Quand l’intérêt institutionnel et les logiques de transition s’entremêlent
Ces décisions interviennent à un moment charnière : la transition vers Sidi Ould Tah, élu le 29 mai 2025 avec une majorité écrasante de 76,18 % des voix au conseil de gouverneurs de la BAD. Economiste de premier plan, Tah incarne une nouvelle ère marquée par l’exécution, l’innovation et l’intégration des politiques opérationnelles (la "Doctrine Tah"), et il prendra officiellement les rênes le 1er septembre 2025.
Ce contexte révèle une tension entre deux logiques : d’un côté la vision de la continuité institutionnelle portée par Tah, renforcée par ses performances attendues face aux défis du financement international et aux coupes budgétaires (notamment celles des États-Unis), et de l’autre, une logique de pouvoir interne consolidé par Adesina, reflétée par cette série de nominations dans les derniers instants de son mandat.
Le prix de l’influence : stabilité ou controverse ?
Alors que certains saluent ces nominations comme une préparation stratégique pour assurer une certaine continuité dans les dossiers clé de la BAD, d’anciens administrateurs estiment plutôt qu’elles traduisent un empêchement à la passation, voire un risque de blocage opérationnel. Cette période de transition, d’habitude encadrée par les statuts, oppose deux visions : une vieille garde en fin de règne, face à un acteur montante censé impulser une BAD centrée sur l’efficacité et l’impact.
Pourquoi est-ce important ?
Le cas de la BAD est un baromètre institutionnel pour l’Afrique. Il met en lumière le défi de la gouvernance dans les organisations africaines : comment assurer une transition institutionnelle légitime, respectueuse de l’éthique et centrée sur le mandat public plutôt que sur les loyautés personnelles ?

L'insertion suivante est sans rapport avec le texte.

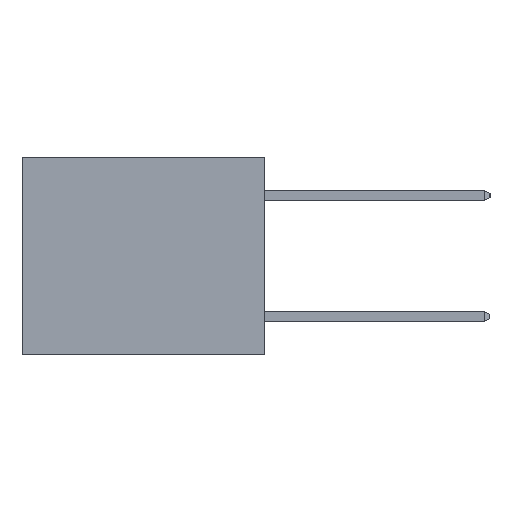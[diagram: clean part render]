
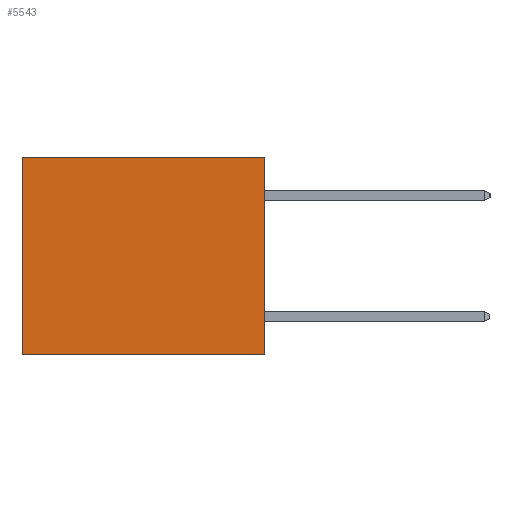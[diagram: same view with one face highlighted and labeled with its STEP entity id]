
A CAD part, left-side view. The second image highlights one B-rep face of the part: STEP entity #5543.
In plain terms, the highlighted planar face has unit normal (-1, 0, 0).
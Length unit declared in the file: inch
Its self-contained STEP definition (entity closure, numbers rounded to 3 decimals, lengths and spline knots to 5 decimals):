
#386 = DIRECTION ( 'NONE',  ( 0., 1., 0. ) ) ;
#795 = DIRECTION ( 'NONE',  ( 0., 1., 0. ) ) ;
#1023 = CARTESIAN_POINT ( 'NONE',  ( 0.3165, 0.6, -0.49 ) ) ;
#1703 = CARTESIAN_POINT ( 'NONE',  ( 0.3165, 0.6, 0. ) ) ;
#1714 = LINE ( 'NONE', #12269, #8731 ) ;
#2077 = DIRECTION ( 'NONE',  ( 0., 0., -1. ) ) ;
#2840 = VERTEX_POINT ( 'NONE', #1703 ) ;
#2963 = DIRECTION ( 'NONE',  ( 0., 0., -1. ) ) ;
#4592 = PLANE ( 'NONE',  #7437 ) ;
#4767 = DIRECTION ( 'NONE',  ( 1., 0., 0. ) ) ;
#5448 = CARTESIAN_POINT ( 'NONE',  ( 0.3165, 0., 0. ) ) ;
#5543 = ADVANCED_FACE ( 'NONE', ( #14065 ), #4592, .F. ) ;
#5820 = EDGE_CURVE ( 'NONE', #2840, #13495, #13363, .T. ) ;
#7437 = AXIS2_PLACEMENT_3D ( 'NONE', #12219, #4767, #11108 ) ;
#8421 = EDGE_CURVE ( 'NONE', #14603, #13495, #1714, .T. ) ;
#8731 = VECTOR ( 'NONE', #795, 39.37008 ) ;
#8810 = EDGE_LOOP ( 'NONE', ( #9439, #10937, #9499, #10806 ) ) ;
#9439 = ORIENTED_EDGE ( 'NONE', *, *, #5820, .T. ) ;
#9499 = ORIENTED_EDGE ( 'NONE', *, *, #11285, .F. ) ;
#9970 = VECTOR ( 'NONE', #2963, 39.37008 ) ;
#10300 = CARTESIAN_POINT ( 'NONE',  ( 0.3165, 0., -0.49 ) ) ;
#10626 = CARTESIAN_POINT ( 'NONE',  ( 0.3165, 0., 0. ) ) ;
#10806 = ORIENTED_EDGE ( 'NONE', *, *, #13534, .T. ) ;
#10937 = ORIENTED_EDGE ( 'NONE', *, *, #8421, .F. ) ;
#11108 = DIRECTION ( 'NONE',  ( 0., 0., -1. ) ) ;
#11285 = EDGE_CURVE ( 'NONE', #15435, #14603, #15789, .T. ) ;
#12219 = CARTESIAN_POINT ( 'NONE',  ( 0.3165, 0., -0.49 ) ) ;
#12269 = CARTESIAN_POINT ( 'NONE',  ( 0.3165, 0., -0.49 ) ) ;
#13243 = CARTESIAN_POINT ( 'NONE',  ( 0.3165, 0.6, -0.49 ) ) ;
#13363 = LINE ( 'NONE', #13243, #9970 ) ;
#13495 = VERTEX_POINT ( 'NONE', #1023 ) ;
#13509 = CARTESIAN_POINT ( 'NONE',  ( 0.3165, 0., -0.49 ) ) ;
#13534 = EDGE_CURVE ( 'NONE', #15435, #2840, #14669, .T. ) ;
#14065 = FACE_OUTER_BOUND ( 'NONE', #8810, .T. ) ;
#14603 = VERTEX_POINT ( 'NONE', #10300 ) ;
#14669 = LINE ( 'NONE', #5448, #14690 ) ;
#14690 = VECTOR ( 'NONE', #386, 39.37008 ) ;
#15388 = VECTOR ( 'NONE', #2077, 39.37008 ) ;
#15435 = VERTEX_POINT ( 'NONE', #10626 ) ;
#15789 = LINE ( 'NONE', #13509, #15388 ) ;
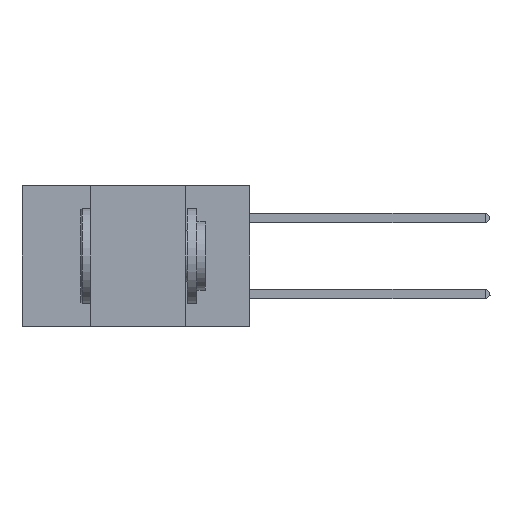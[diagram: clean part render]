
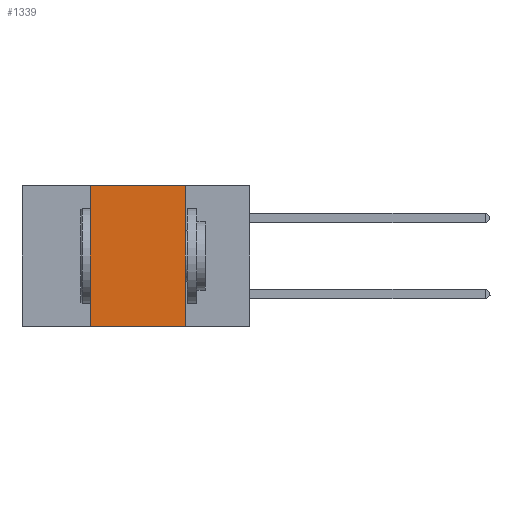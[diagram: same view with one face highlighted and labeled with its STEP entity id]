
A CAD part, left-side view. The second image highlights one B-rep face of the part: STEP entity #1339.
In plain terms, the highlighted planar face has unit normal (-1, 0, 0).
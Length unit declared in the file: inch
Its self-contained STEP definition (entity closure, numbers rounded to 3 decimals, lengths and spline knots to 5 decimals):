
#956 = EDGE_CURVE ( 'NONE', #17945, #25793, #18780, .T. ) ;
#1339 = ADVANCED_FACE ( 'NONE', ( #23810 ), #12734, .F. ) ;
#4377 = VECTOR ( 'NONE', #35114, 39.37008 ) ;
#11421 = ORIENTED_EDGE ( 'NONE', *, *, #36282, .T. ) ;
#12734 = PLANE ( 'NONE',  #15250 ) ;
#12967 = LINE ( 'NONE', #21497, #34579 ) ;
#14738 = VECTOR ( 'NONE', #16932, 39.37008 ) ;
#14766 = EDGE_CURVE ( 'NONE', #32055, #37431, #12967, .T. ) ;
#15250 = AXIS2_PLACEMENT_3D ( 'NONE', #28640, #31458, #24967 ) ;
#16932 = DIRECTION ( 'NONE',  ( 0., 0., -1. ) ) ;
#17945 = VERTEX_POINT ( 'NONE', #33128 ) ;
#17980 = DIRECTION ( 'NONE',  ( 0., 0., 1. ) ) ;
#18575 = ORIENTED_EDGE ( 'NONE', *, *, #14766, .F. ) ;
#18780 = LINE ( 'NONE', #36227, #14738 ) ;
#21431 = LINE ( 'NONE', #41318, #4377 ) ;
#21497 = CARTESIAN_POINT ( 'NONE',  ( 0., 0.42, 0. ) ) ;
#23120 = EDGE_LOOP ( 'NONE', ( #36029, #38527, #18575, #11421 ) ) ;
#23810 = FACE_OUTER_BOUND ( 'NONE', #23120, .T. ) ;
#24967 = DIRECTION ( 'NONE',  ( 0., 0., -1. ) ) ;
#25793 = VERTEX_POINT ( 'NONE', #36580 ) ;
#28640 = CARTESIAN_POINT ( 'NONE',  ( 0., 0.6, 0. ) ) ;
#29298 = DIRECTION ( 'NONE',  ( 0., -1., 0. ) ) ;
#30562 = CARTESIAN_POINT ( 'NONE',  ( 0., 0.42, 0. ) ) ;
#31278 = EDGE_CURVE ( 'NONE', #37431, #17945, #21431, .T. ) ;
#31458 = DIRECTION ( 'NONE',  ( 1., 0., 0. ) ) ;
#32055 = VERTEX_POINT ( 'NONE', #32975 ) ;
#32403 = CARTESIAN_POINT ( 'NONE',  ( 0., 0.6, -0.37 ) ) ;
#32975 = CARTESIAN_POINT ( 'NONE',  ( 0., 0.42, -0.37 ) ) ;
#33128 = CARTESIAN_POINT ( 'NONE',  ( 0., 0.17, 0. ) ) ;
#33820 = VECTOR ( 'NONE', #29298, 39.37008 ) ;
#34579 = VECTOR ( 'NONE', #17980, 39.37008 ) ;
#35114 = DIRECTION ( 'NONE',  ( 0., -1., 0. ) ) ;
#36029 = ORIENTED_EDGE ( 'NONE', *, *, #956, .F. ) ;
#36227 = CARTESIAN_POINT ( 'NONE',  ( 0., 0.17, 0. ) ) ;
#36282 = EDGE_CURVE ( 'NONE', #32055, #25793, #38892, .T. ) ;
#36580 = CARTESIAN_POINT ( 'NONE',  ( 0., 0.17, -0.37 ) ) ;
#37431 = VERTEX_POINT ( 'NONE', #30562 ) ;
#38527 = ORIENTED_EDGE ( 'NONE', *, *, #31278, .F. ) ;
#38892 = LINE ( 'NONE', #32403, #33820 ) ;
#41318 = CARTESIAN_POINT ( 'NONE',  ( 0., 0.6, 0. ) ) ;
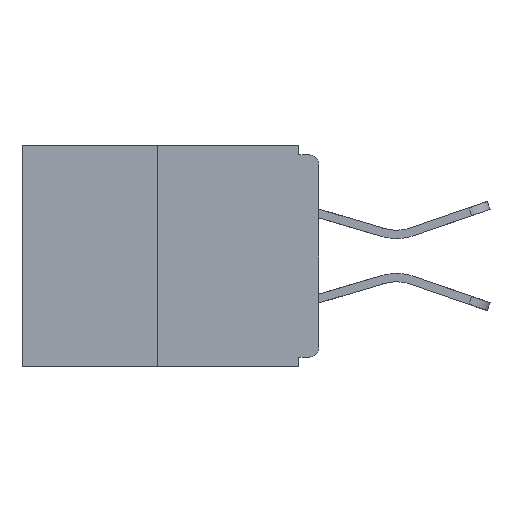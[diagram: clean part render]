
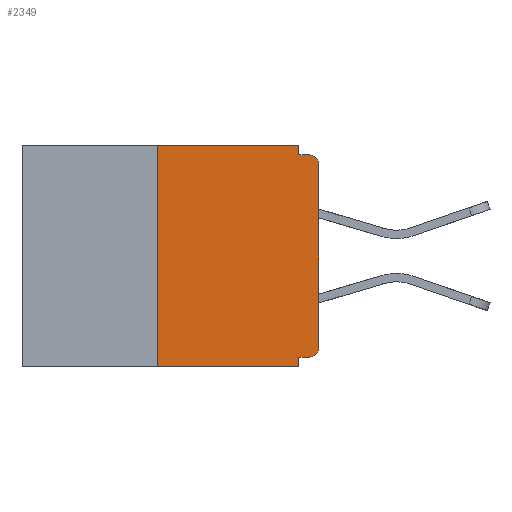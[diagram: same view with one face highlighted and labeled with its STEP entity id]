
A CAD part, left-side view. The second image highlights one B-rep face of the part: STEP entity #2349.
In plain terms, the highlighted planar face has unit normal (-1, 0, 0).
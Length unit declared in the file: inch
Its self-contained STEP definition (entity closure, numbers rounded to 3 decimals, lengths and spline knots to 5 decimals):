
#137 = VERTEX_POINT ( 'NONE', #14953 ) ;
#634 = CARTESIAN_POINT ( 'NONE',  ( 0., 0.015, -0.328 ) ) ;
#707 = DIRECTION ( 'NONE',  ( 0., -1., 0. ) ) ;
#886 = DIRECTION ( 'NONE',  ( 0., 0., -1. ) ) ;
#1024 = DIRECTION ( 'NONE',  ( 0., 0., -1. ) ) ;
#1085 = VERTEX_POINT ( 'NONE', #8054 ) ;
#1168 = PLANE ( 'NONE',  #6863 ) ;
#1349 = CARTESIAN_POINT ( 'NONE',  ( 0., 0.46, 0. ) ) ;
#1537 = AXIS2_PLACEMENT_3D ( 'NONE', #3720, #2639, #1024 ) ;
#1743 = EDGE_CURVE ( 'NONE', #15521, #137, #3775, .T. ) ;
#2099 = EDGE_CURVE ( 'NONE', #8170, #8888, #12645, .T. ) ;
#2170 = VECTOR ( 'NONE', #886, 39.37008 ) ;
#2233 = CARTESIAN_POINT ( 'NONE',  ( 0., 0., -0.015 ) ) ;
#2260 = DIRECTION ( 'NONE',  ( 0., -1., 0. ) ) ;
#2349 = ADVANCED_FACE ( 'NONE', ( #10765 ), #1168, .F. ) ;
#2639 = DIRECTION ( 'NONE',  ( -1., 0., 0. ) ) ;
#3092 = LINE ( 'NONE', #6608, #7737 ) ;
#3720 = CARTESIAN_POINT ( 'NONE',  ( 0., 0.015, -0.313 ) ) ;
#3775 = CIRCLE ( 'NONE', #1537, 0.015 ) ;
#4321 = CARTESIAN_POINT ( 'NONE',  ( 0., 0.031, 0. ) ) ;
#4432 = EDGE_CURVE ( 'NONE', #6960, #8888, #12793, .T. ) ;
#5322 = LINE ( 'NONE', #8947, #5982 ) ;
#5438 = DIRECTION ( 'NONE',  ( 0., 0., 1. ) ) ;
#5715 = LINE ( 'NONE', #12714, #10806 ) ;
#5982 = VECTOR ( 'NONE', #2260, 39.37008 ) ;
#6333 = EDGE_LOOP ( 'NONE', ( #11910, #13004, #8949, #12050, #13222, #10303, #13700, #12128, #7621, #13381 ) ) ;
#6608 = CARTESIAN_POINT ( 'NONE',  ( 0., 0., 0. ) ) ;
#6853 = CARTESIAN_POINT ( 'NONE',  ( 0., 0., -0.03 ) ) ;
#6863 = AXIS2_PLACEMENT_3D ( 'NONE', #1349, #7866, #10638 ) ;
#6960 = VERTEX_POINT ( 'NONE', #12705 ) ;
#7125 = DIRECTION ( 'NONE',  ( 0., -1., 0. ) ) ;
#7163 = DIRECTION ( 'NONE',  ( 0., 0., -1. ) ) ;
#7570 = EDGE_CURVE ( 'NONE', #1085, #13776, #5715, .T. ) ;
#7621 = ORIENTED_EDGE ( 'NONE', *, *, #4432, .F. ) ;
#7737 = VECTOR ( 'NONE', #17439, 39.37008 ) ;
#7866 = DIRECTION ( 'NONE',  ( 1., 0., 0. ) ) ;
#8054 = CARTESIAN_POINT ( 'NONE',  ( 0., 0.031, -0.328 ) ) ;
#8170 = VERTEX_POINT ( 'NONE', #6853 ) ;
#8456 = CARTESIAN_POINT ( 'NONE',  ( 0., 0.25, -0.343 ) ) ;
#8777 = VECTOR ( 'NONE', #5438, 39.37008 ) ;
#8888 = VERTEX_POINT ( 'NONE', #9609 ) ;
#8947 = CARTESIAN_POINT ( 'NONE',  ( 0., 0.46, 0. ) ) ;
#8949 = ORIENTED_EDGE ( 'NONE', *, *, #11562, .T. ) ;
#9202 = VECTOR ( 'NONE', #7125, 39.37008 ) ;
#9235 = CARTESIAN_POINT ( 'NONE',  ( 0., 0.031, -0.343 ) ) ;
#9398 = LINE ( 'NONE', #17225, #8777 ) ;
#9609 = CARTESIAN_POINT ( 'NONE',  ( 0., 0.015, -0.015 ) ) ;
#10011 = DIRECTION ( 'NONE',  ( 0., 0., -1. ) ) ;
#10303 = ORIENTED_EDGE ( 'NONE', *, *, #1743, .T. ) ;
#10353 = EDGE_CURVE ( 'NONE', #137, #8170, #3092, .T. ) ;
#10362 = CARTESIAN_POINT ( 'NONE',  ( 0., 0.031, 0. ) ) ;
#10445 = VERTEX_POINT ( 'NONE', #8456 ) ;
#10638 = DIRECTION ( 'NONE',  ( 0., 0., -1. ) ) ;
#10644 = LINE ( 'NONE', #10362, #2170 ) ;
#10765 = FACE_OUTER_BOUND ( 'NONE', #6333, .T. ) ;
#10806 = VECTOR ( 'NONE', #7163, 39.37008 ) ;
#10972 = CARTESIAN_POINT ( 'NONE',  ( 0., 0.46, -0.343 ) ) ;
#11562 = EDGE_CURVE ( 'NONE', #10445, #13776, #12371, .T. ) ;
#11846 = EDGE_CURVE ( 'NONE', #10445, #12313, #9398, .T. ) ;
#11910 = ORIENTED_EDGE ( 'NONE', *, *, #16948, .F. ) ;
#11917 = CARTESIAN_POINT ( 'NONE',  ( 0., 0.25, 0. ) ) ;
#12050 = ORIENTED_EDGE ( 'NONE', *, *, #7570, .F. ) ;
#12128 = ORIENTED_EDGE ( 'NONE', *, *, #2099, .T. ) ;
#12313 = VERTEX_POINT ( 'NONE', #11917 ) ;
#12371 = LINE ( 'NONE', #10972, #9202 ) ;
#12645 = CIRCLE ( 'NONE', #17500, 0.015 ) ;
#12705 = CARTESIAN_POINT ( 'NONE',  ( 0., 0.031, -0.015 ) ) ;
#12714 = CARTESIAN_POINT ( 'NONE',  ( 0., 0.031, -0.343 ) ) ;
#12793 = LINE ( 'NONE', #2233, #15976 ) ;
#13004 = ORIENTED_EDGE ( 'NONE', *, *, #11846, .F. ) ;
#13161 = VECTOR ( 'NONE', #15532, 39.37008 ) ;
#13222 = ORIENTED_EDGE ( 'NONE', *, *, #17331, .F. ) ;
#13381 = ORIENTED_EDGE ( 'NONE', *, *, #16916, .F. ) ;
#13700 = ORIENTED_EDGE ( 'NONE', *, *, #10353, .T. ) ;
#13776 = VERTEX_POINT ( 'NONE', #9235 ) ;
#13999 = CARTESIAN_POINT ( 'NONE',  ( 0., 0., -0.328 ) ) ;
#14399 = VERTEX_POINT ( 'NONE', #4321 ) ;
#14953 = CARTESIAN_POINT ( 'NONE',  ( 0., 0., -0.313 ) ) ;
#15521 = VERTEX_POINT ( 'NONE', #634 ) ;
#15532 = DIRECTION ( 'NONE',  ( 0., 1., 0. ) ) ;
#15916 = LINE ( 'NONE', #13999, #13161 ) ;
#15976 = VECTOR ( 'NONE', #707, 39.37008 ) ;
#16631 = CARTESIAN_POINT ( 'NONE',  ( 0., 0.015, -0.03 ) ) ;
#16695 = DIRECTION ( 'NONE',  ( -1., 0., 0. ) ) ;
#16916 = EDGE_CURVE ( 'NONE', #14399, #6960, #10644, .T. ) ;
#16948 = EDGE_CURVE ( 'NONE', #12313, #14399, #5322, .T. ) ;
#17225 = CARTESIAN_POINT ( 'NONE',  ( 0., 0.25, 0. ) ) ;
#17331 = EDGE_CURVE ( 'NONE', #15521, #1085, #15916, .T. ) ;
#17439 = DIRECTION ( 'NONE',  ( 0., 0., 1. ) ) ;
#17500 = AXIS2_PLACEMENT_3D ( 'NONE', #16631, #16695, #10011 ) ;

Dans un contexte où la BAD joue un rôle central dans le funding continental, elle représente 318 milliards de dollars de capital et doit combler un déficit estimé à 400 milliards USD par an, la crédibilité institutionnelle est cruciale. Les choix pris par Adesina, s’ils sont mal perçus, risquent de affecter la confiance des États et des bailleurs vers un nouvel leadership.
Enfin, pour les peuples d’Afrique, ce type de crise dépasse l’épaisseur des rapports internes : c’est la capacité même à mener une transformation durable, construite sur la coopération technique, la transparence et l’efficacité, qui est en jeu. Si Tah installe une culture de résultats (son "Doctrin Tah"), il aura là l’occasion de redéployer la BAD comme moteur de la souveraineté financière africaine, sur la base d’une gouvernance renouvelée et respectueuse des principes multilatéraux.